Parameter	Period	βSIM	βNES	βSØR
Species presence	December × February	0.133 (28.4%)	0.336 (71.6%)	0.469
	December × April	0.312 (55.9%)	0.248 (44.3%)	0.56
	February × April	0.466 (96.5%)	0.017 (3.5%)	0.483

Discussion

Dung beetle communities changed dramatically throughout the wet season, and the importance of nestedness and species turnover varies between pairs of sample periods as the main process of temporal β-diversity. Individuals sampled at the beginning of the wet season accounted for nearly 85% of the total number collected. Species richness showed a similar pattern; out of 39 species, >90% were sampled in the beginning of the wet season. Andersen (2005) found similar results for dung beetle abundance in a TDF in Mexico, with more than twice as many individuals found at the beginning of the wet season compared with the middle.

Of the 34 species sampled at the beginning of the wet season, 32 either had reduced abundances or were not sampled in later periods. These results indicate a peak adult emergence of the vast majority of species at the beginning of the wet season. Hence our study contradicts the hypothesis raised by Andersen (2008), which suggests that the dung beetles are likely to experience drastic fluctuations in abundance, with different peaks during different periods.

Lack of rainfall, high solar radiation, and low humidity are typical of TDFs for at least 3 months during the dry season (Murphy and Lugo 1986). These conditions affect the availability of resources and limit reproduction and survival of many animals, including dung beetles, which synchronize their life cycle to tolerate these adversities (Andersen 2005, Neves et al. 2010, Liberal et al. 2011, Cambefort 2014a). For example, the Guinean savannas in Africa have two wet seasons, so dung beetles have two peaks in emergence during the year (Cambefort 2014a). Many species weather unfavorable environmental conditions (i.e., during droughts) in diapause (hibernation) or in larval stages in the soil (Doube 2014). The adults emerge with the onset of the rains, and immediately concentrate efforts on accumulation of resources for making nests, reproduction, and subsequent oviposition (Cambefort 2014a).

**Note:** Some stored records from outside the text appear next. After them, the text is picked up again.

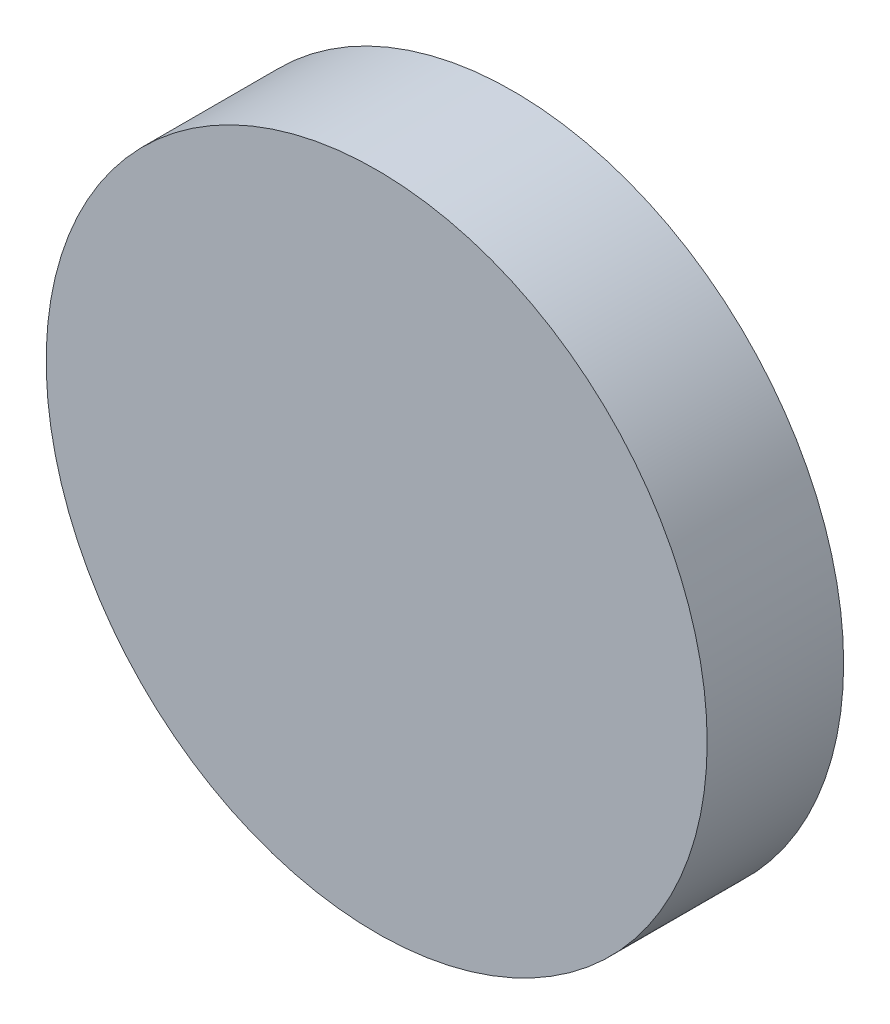
ISO-10303-21;
HEADER;
FILE_DESCRIPTION(('STEP AP214'),'2;1');
FILE_NAME('part.step','',(''),(''),'','','');
FILE_SCHEMA(('AUTOMOTIVE_DESIGN { 1 0 10303 214 1 1 1 1 }'));
ENDSEC;
DATA;
#1=APPLICATION_CONTEXT('core data for automotive mechanical design processes');
#2=APPLICATION_PROTOCOL_DEFINITION('international standard','automotive_design',2000,#1);
#3=PRODUCT_CONTEXT('',#1,'mechanical');
#4=PRODUCT('Part','Part','',(#3));
#5=PRODUCT_RELATED_PRODUCT_CATEGORY('part','',(#4));
#6=PRODUCT_DEFINITION_FORMATION('','',#4);
#7=PRODUCT_DEFINITION_CONTEXT('part definition',#1,'design');
#8=PRODUCT_DEFINITION('design','',#6,#7);
#9=PRODUCT_DEFINITION_SHAPE('','',#8);
#10=(LENGTH_UNIT() NAMED_UNIT(*) SI_UNIT(.MILLI.,.METRE.));
#11=(NAMED_UNIT(*) PLANE_ANGLE_UNIT() SI_UNIT($,.RADIAN.));
#12=(NAMED_UNIT(*) SI_UNIT($,.STERADIAN.) SOLID_ANGLE_UNIT());
#13=UNCERTAINTY_MEASURE_WITH_UNIT(LENGTH_MEASURE(1.E-05),#10,'distance_accuracy_value','');
#14=(GEOMETRIC_REPRESENTATION_CONTEXT(3) GLOBAL_UNCERTAINTY_ASSIGNED_CONTEXT((#13)) GLOBAL_UNIT_ASSIGNED_CONTEXT((#10,
#11,#12)) REPRESENTATION_CONTEXT('',''));
#15=CARTESIAN_POINT('',(0.,0.,0.));
#16=DIRECTION('',(0.,0.,1.));
#17=DIRECTION('',(1.,0.,0.));
#18=AXIS2_PLACEMENT_3D('',#15,#16,#17);
#19=CARTESIAN_POINT('',(38.481,-19.05,7.9375));
#20=DIRECTION('',(0.,0.,-1.));
#21=DIRECTION('',(-1.,0.,0.));
#22=AXIS2_PLACEMENT_3D('',#19,#20,#21);
#23=CYLINDRICAL_SURFACE('',#22,38.44925);
#24=CARTESIAN_POINT('',(38.481,-19.05,7.9375));
#25=DIRECTION('',(0.,0.,1.));
#26=DIRECTION('',(1.,0.,0.));
#27=AXIS2_PLACEMENT_3D('',#24,#25,#26);
#28=CIRCLE('',#27,38.44925);
#29=CARTESIAN_POINT('',(76.93025,-19.05,7.9375));
#30=VERTEX_POINT('',#29);
#31=EDGE_CURVE('E10',#30,#30,#28,.T.);
#32=ORIENTED_EDGE('',*,*,#31,.F.);
#33=EDGE_LOOP('',(#32));
#34=FACE_BOUND('',#33,.T.);
#35=CARTESIAN_POINT('',(38.481,-19.05,-7.9375));
#36=DIRECTION('',(0.,0.,1.));
#37=DIRECTION('',(1.,0.,0.));
#38=AXIS2_PLACEMENT_3D('',#35,#36,#37);
#39=CIRCLE('',#38,38.44925);
#40=CARTESIAN_POINT('',(76.93025,-19.05,-7.9375));
#41=VERTEX_POINT('',#40);
#42=EDGE_CURVE('E44',#41,#41,#39,.T.);
#43=ORIENTED_EDGE('',*,*,#42,.T.);
#44=EDGE_LOOP('',(#43));
#45=FACE_BOUND('',#44,.T.);
#46=ADVANCED_FACE('F41',(#34,#45),#23,.T.);
#47=CARTESIAN_POINT('',(38.481,-19.05,7.9375));
#48=DIRECTION('',(0.,0.,1.));
#49=DIRECTION('',(1.,0.,0.));
#50=AXIS2_PLACEMENT_3D('',#47,#48,#49);
#51=PLANE('',#50);
#52=ORIENTED_EDGE('',*,*,#31,.T.);
#53=EDGE_LOOP('',(#52));
#54=FACE_BOUND('',#53,.T.);
#55=ADVANCED_FACE('F56',(#54),#51,.T.);
#56=CARTESIAN_POINT('',(38.481,-19.05,-7.9375));
#57=DIRECTION('',(0.,0.,1.));
#58=DIRECTION('',(1.,0.,0.));
#59=AXIS2_PLACEMENT_3D('',#56,#57,#58);
#60=PLANE('',#59);
#61=ORIENTED_EDGE('',*,*,#42,.F.);
#62=EDGE_LOOP('',(#61));
#63=FACE_BOUND('',#62,.T.);
#64=ADVANCED_FACE('F54',(#63),#60,.F.);
#65=CLOSED_SHELL('',(#46,#55,#64));
#66=MANIFOLD_SOLID_BREP('B2',#65);
#67=ADVANCED_BREP_SHAPE_REPRESENTATION('',(#18,#66),#14);
#68=SHAPE_DEFINITION_REPRESENTATION(#9,#67);
ENDSEC;
END-ISO-10303-21;

We found the greatest within-plot β-diversity in the middle and end of the wet season. In the middle and end of the wet season only 13–47% of the collected species were present in individual plots, compared with 47–74% of species per plot at the beginning of the wet season. With the emergence of most species of dung beetles due to improved abiotic conditions and the increased availability of resources the community becomes more homogeneous at the beginning of the wet season. As the season advances, higher resource scarcity limits population size, which likely results in a smaller foraging range, increasing β-diversity.

Decomposition of β-diversity demonstrated that the dung beetle community sampled in the middle of the wet season is indeed a subset of the species present at the beginning of the wet season. At the end of wet season turnover and nestedness were equally important, due to some species that were exclusively found in this period. These results reinforce the pattern of peak adult emergence found in most dung beetle species at the start of the wet season, since the community changes little (i.e., in terms of species composition) throughout the season. The high turnover value between the beginning and end of the wet season was due to only five species not sampled at the beginning, which only represented 8% of the total individuals at the end of the wet season.

Conclusions

Our results demonstrate a peak in adult emergence for most dung beetle species at the beginning of the wet season. Additionally, most species present in the middle and end of the wet season were also sampled at the beginning, whereas only a few species with few individuals were absent in the beginning. These results suggest strong synchronism between the life cycle of these organisms and the seasonality of environmental conditions throughout the year, where the onset of the rains determines adult emergence in most species in the TDF studied.